═══ DATA TO EXAMINE

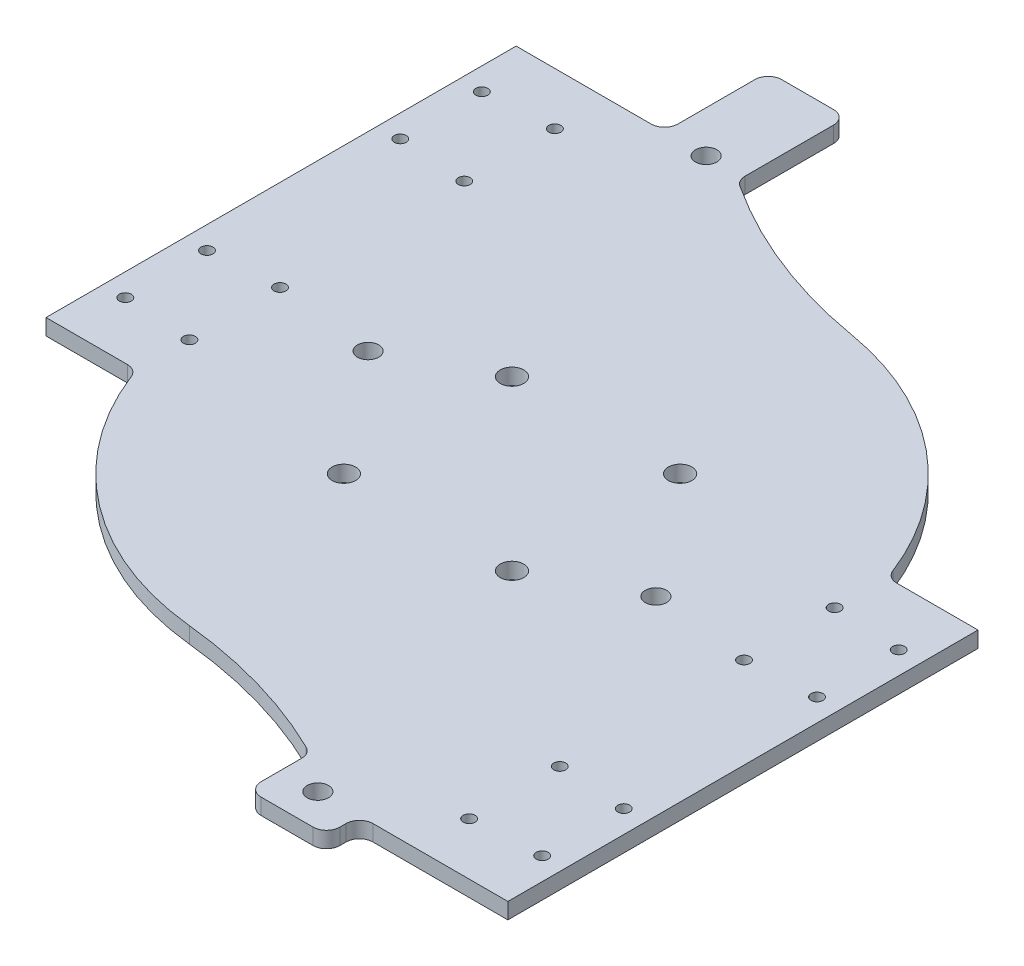
from build123d import *

# Parameters (mm, degrees)
SKETCH1_R           = 3.5
SKETCH1_R_2         = 3.175
SKETCH1_R_3         = 1.778
BOSS_EXTRUDE1_DEPTH = 4.7625


with BuildPart() as part:
    # Sketch1 → Boss-Extrude1 (new body)
    with BuildSketch(Plane(origin=(0, 0, 0), x_dir=(1, 0, 0), z_dir=(0, 1, 0))):
        with BuildLine():
            Line((-82.138222173, -9.295950869), (-57.965959984, -9.295950869))
            ThreePointArc((-57.965959984, -9.295950869), (-55.705057174, -9.996205654), (-54.23575837, -11.851791627))
            ThreePointArc((-54.23575837, -11.851791627), (-25.688309848, -49.851999329), (18.508323348, -67.334282266))
            ThreePointArc((18.508323348, -67.334282266), (43.48483848, -72.142696572), (67.225777827, -81.270399198))
            ThreePointArc((67.225777827, -81.270399198), (68.831606216, -82.733374325), (69.400777827, -84.829805749))
            Line((69.400777827, -84.829805749), (69.400777827, -96.829805749))
            ThreePointArc((69.400777827, -96.829805749), (70.572350702, -99.658232874), (73.400777827, -100.829805749))
            Line((73.400777827, -100.829805749), (88.810777827, -100.829805749))
            ThreePointArc((88.810777827, -100.829805749), (91.639204952, -99.658232874), (92.810777827, -96.829805749))
            Line((92.810777827, -96.829805749), (92.810777827, -95.010813721))
            ThreePointArc((92.810777827, -95.010813721), (93.982350702, -92.182386597), (96.810777827, -91.010813721))
            Line((96.810777827, -91.010813721), (136.939777827, -91.010813721))
            Line((136.939777827, -91.010813721), (136.939777827, 48.804049131))
            Line((136.939777827, 48.804049131), (112.767515638, 48.804049131))
            ThreePointArc((112.767515638, 48.804049131), (110.506612828, 49.504303916), (109.037314024, 51.359889889))
            ThreePointArc((109.037314024, 51.359889889), (82.815823158, 87.522965038), (42.165907723, 106.041036281))
            ThreePointArc((42.165907723, 106.041036281), (13.766481711, 113.962861296), (-12.424222173, 127.502792592))
            ThreePointArc((-12.424222173, 127.502792592), (-14.009500528, 128.976393784), (-14.59507652, 131.060070509))
            Line((-14.59507652, 131.060070509), (-14.59507652, 157.379549131))
            ThreePointArc((-14.59507652, 157.379549131), (-15.766649396, 160.207976256), (-18.59507652, 161.379549131))
            Line((-18.59507652, 161.379549131), (-34.009222173, 161.379549131))
            ThreePointArc((-34.009222173, 161.379549131), (-36.837649298, 160.207976256), (-38.009222173, 157.379549131))
            Line((-38.009222173, 157.379549131), (-38.009222173, 134.518911983))
            ThreePointArc((-38.009222173, 134.518911983), (-39.180795048, 131.690484859), (-42.009222173, 130.518911983))
            Line((-42.009222173, 130.518911983), (-82.138222173, 130.518911983))
            Line((-82.138222173, 130.518911983), (-82.138222173, -9.295950869))
        make_face()
        with Locations((52.400777827, 44.754049131)):
            Circle(SKETCH1_R, mode=Mode.SUBTRACT)
        with Locations((52.400777827, -5.245950869)):
            Circle(SKETCH1_R, mode=Mode.SUBTRACT)
        with Locations((80.400777827, 9.550885679)):
            Circle(SKETCH1_R_2, mode=Mode.SUBTRACT)
        with Locations((109.880393645, 33.224433313)):
            Circle(SKETCH1_R_3, mode=Mode.SUBTRACT)
        with Locations((109.880393645, 6.283664949)):
            Circle(SKETCH1_R_3, mode=Mode.SUBTRACT)
        with Locations((109.880393645, -48.53042954)):
            Circle(SKETCH1_R_3, mode=Mode.SUBTRACT)
        with Locations((109.880393645, -75.471197903)):
            Circle(SKETCH1_R_3, mode=Mode.SUBTRACT)
        with Locations((130.26557504, -49.865610934)):
            Circle(SKETCH1_R_3, mode=Mode.SUBTRACT)
        with Locations((130.26557504, -74.136016508)):
            Circle(SKETCH1_R_3, mode=Mode.SUBTRACT)
        with Locations((130.26557504, 31.889251918)):
            Circle(SKETCH1_R_3, mode=Mode.SUBTRACT)
        with Locations((130.26557504, 7.618846344)):
            Circle(SKETCH1_R_3, mode=Mode.SUBTRACT)
        with Locations((80.400777827, -90.985264901)):
            Circle(SKETCH1_R_2, mode=Mode.SUBTRACT)
        with Locations((2.400777827, -5.245950869)):
            Circle(SKETCH1_R, mode=Mode.SUBTRACT)
        with Locations((2.400777827, 44.754049131)):
            Circle(SKETCH1_R, mode=Mode.SUBTRACT)
        with Locations((-25.599222173, 29.957212583)):
            Circle(SKETCH1_R_2, mode=Mode.SUBTRACT)
        with Locations((-55.078837991, 6.283664949)):
            Circle(SKETCH1_R_3, mode=Mode.SUBTRACT)
        with Locations((-55.078837991, 33.224433313)):
            Circle(SKETCH1_R_3, mode=Mode.SUBTRACT)
        with Locations((-55.078837991, 88.038527802)):
            Circle(SKETCH1_R_3, mode=Mode.SUBTRACT)
        with Locations((-55.078837991, 114.979296165)):
            Circle(SKETCH1_R_3, mode=Mode.SUBTRACT)
        with Locations((-75.464019386, 89.373709197)):
            Circle(SKETCH1_R_3, mode=Mode.SUBTRACT)
        with Locations((-75.464019386, 113.64411477)):
            Circle(SKETCH1_R_3, mode=Mode.SUBTRACT)
        with Locations((-75.464019386, 7.618846344)):
            Circle(SKETCH1_R_3, mode=Mode.SUBTRACT)
        with Locations((-75.464019386, 31.889251918)):
            Circle(SKETCH1_R_3, mode=Mode.SUBTRACT)
        with Locations((-25.599222173, 130.493363164)):
            Circle(SKETCH1_R_2, mode=Mode.SUBTRACT)
    extrude(amount=BOSS_EXTRUDE1_DEPTH)


solid = part.part

══════

* _YOUR TASK_
Give the entries above again word for word, without any pictures.

* _PROBLEM SOLUTION_
from build123d import *

# Parameters (mm, degrees)
SKETCH1_R           = 3.5
SKETCH1_R_2         = 3.175
SKETCH1_R_3         = 1.778
BOSS_EXTRUDE1_DEPTH = 4.7625


with BuildPart() as part:
    # Sketch1 → Boss-Extrude1 (new body)
    with BuildSketch(Plane(origin=(0, 0, 0), x_dir=(1, 0, 0), z_dir=(0, 1, 0))):
        with BuildLine():
            Line((-82.138222173, -9.295950869), (-57.965959984, -9.295950869))
            ThreePointArc((-57.965959984, -9.295950869), (-55.705057174, -9.996205654), (-54.23575837, -11.851791627))
            ThreePointArc((-54.23575837, -11.851791627), (-25.688309848, -49.851999329), (18.508323348, -67.334282266))
            ThreePointArc((18.508323348, -67.334282266), (43.48483848, -72.142696572), (67.225777827, -81.270399198))
            ThreePointArc((67.225777827, -81.270399198), (68.831606216, -82.733374325), (69.400777827, -84.829805749))
            Line((69.400777827, -84.829805749), (69.400777827, -96.829805749))
            ThreePointArc((69.400777827, -96.829805749), (70.572350702, -99.658232874), (73.400777827, -100.829805749))
            Line((73.400777827, -100.829805749), (88.810777827, -100.829805749))
            ThreePointArc((88.810777827, -100.829805749), (91.639204952, -99.658232874), (92.810777827, -96.829805749))
            Line((92.810777827, -96.829805749), (92.810777827, -95.010813721))
            ThreePointArc((92.810777827, -95.010813721), (93.982350702, -92.182386597), (96.810777827, -91.010813721))
            Line((96.810777827, -91.010813721), (136.939777827, -91.010813721))
            Line((136.939777827, -91.010813721), (136.939777827, 48.804049131))
            Line((136.939777827, 48.804049131), (112.767515638, 48.804049131))
            ThreePointArc((112.767515638, 48.804049131), (110.506612828, 49.504303916), (109.037314024, 51.359889889))
            ThreePointArc((109.037314024, 51.359889889), (82.815823158, 87.522965038), (42.165907723, 106.041036281))
            ThreePointArc((42.165907723, 106.041036281), (13.766481711, 113.962861296), (-12.424222173, 127.502792592))
            ThreePointArc((-12.424222173, 127.502792592), (-14.009500528, 128.976393784), (-14.59507652, 131.060070509))
            Line((-14.59507652, 131.060070509), (-14.59507652, 157.379549131))
            ThreePointArc((-14.59507652, 157.379549131), (-15.766649396, 160.207976256), (-18.59507652, 161.379549131))
            Line((-18.59507652, 161.379549131), (-34.009222173, 161.379549131))
            ThreePointArc((-34.009222173, 161.379549131), (-36.837649298, 160.207976256), (-38.009222173, 157.379549131))
            Line((-38.009222173, 157.379549131), (-38.009222173, 134.518911983))
            ThreePointArc((-38.009222173, 134.518911983), (-39.180795048, 131.690484859), (-42.009222173, 130.518911983))
            Line((-42.009222173, 130.518911983), (-82.138222173, 130.518911983))
            Line((-82.138222173, 130.518911983), (-82.138222173, -9.295950869))
        make_face()
        with Locations((52.400777827, 44.754049131)):
            Circle(SKETCH1_R, mode=Mode.SUBTRACT)
        with Locations((52.400777827, -5.245950869)):
            Circle(SKETCH1_R, mode=Mode.SUBTRACT)
        with Locations((80.400777827, 9.550885679)):
            Circle(SKETCH1_R_2, mode=Mode.SUBTRACT)
        with Locations((109.880393645, 33.224433313)):
            Circle(SKETCH1_R_3, mode=Mode.SUBTRACT)
        with Locations((109.880393645, 6.283664949)):
            Circle(SKETCH1_R_3, mode=Mode.SUBTRACT)
        with Locations((109.880393645, -48.53042954)):
            Circle(SKETCH1_R_3, mode=Mode.SUBTRACT)
        with Locations((109.880393645, -75.471197903)):
            Circle(SKETCH1_R_3, mode=Mode.SUBTRACT)
        with Locations((130.26557504, -49.865610934)):
            Circle(SKETCH1_R_3, mode=Mode.SUBTRACT)
        with Locations((130.26557504, -74.136016508)):
            Circle(SKETCH1_R_3, mode=Mode.SUBTRACT)
        with Locations((130.26557504, 31.889251918)):
            Circle(SKETCH1_R_3, mode=Mode.SUBTRACT)
        with Locations((130.26557504, 7.618846344)):
            Circle(SKETCH1_R_3, mode=Mode.SUBTRACT)
        with Locations((80.400777827, -90.985264901)):
            Circle(SKETCH1_R_2, mode=Mode.SUBTRACT)
        with Locations((2.400777827, -5.245950869)):
            Circle(SKETCH1_R, mode=Mode.SUBTRACT)
        with Locations((2.400777827, 44.754049131)):
            Circle(SKETCH1_R, mode=Mode.SUBTRACT)
        with Locations((-25.599222173, 29.957212583)):
            Circle(SKETCH1_R_2, mode=Mode.SUBTRACT)
        with Locations((-55.078837991, 6.283664949)):
            Circle(SKETCH1_R_3, mode=Mode.SUBTRACT)
        with Locations((-55.078837991, 33.224433313)):
            Circle(SKETCH1_R_3, mode=Mode.SUBTRACT)
        with Locations((-55.078837991, 88.038527802)):
            Circle(SKETCH1_R_3, mode=Mode.SUBTRACT)
        with Locations((-55.078837991, 114.979296165)):
            Circle(SKETCH1_R_3, mode=Mode.SUBTRACT)
        with Locations((-75.464019386, 89.373709197)):
            Circle(SKETCH1_R_3, mode=Mode.SUBTRACT)
        with Locations((-75.464019386, 113.64411477)):
            Circle(SKETCH1_R_3, mode=Mode.SUBTRACT)
        with Locations((-75.464019386, 7.618846344)):
            Circle(SKETCH1_R_3, mode=Mode.SUBTRACT)
        with Locations((-75.464019386, 31.889251918)):
            Circle(SKETCH1_R_3, mode=Mode.SUBTRACT)
        with Locations((-25.599222173, 130.493363164)):
            Circle(SKETCH1_R_2, mode=Mode.SUBTRACT)
    extrude(amount=BOSS_EXTRUDE1_DEPTH)


solid = part.part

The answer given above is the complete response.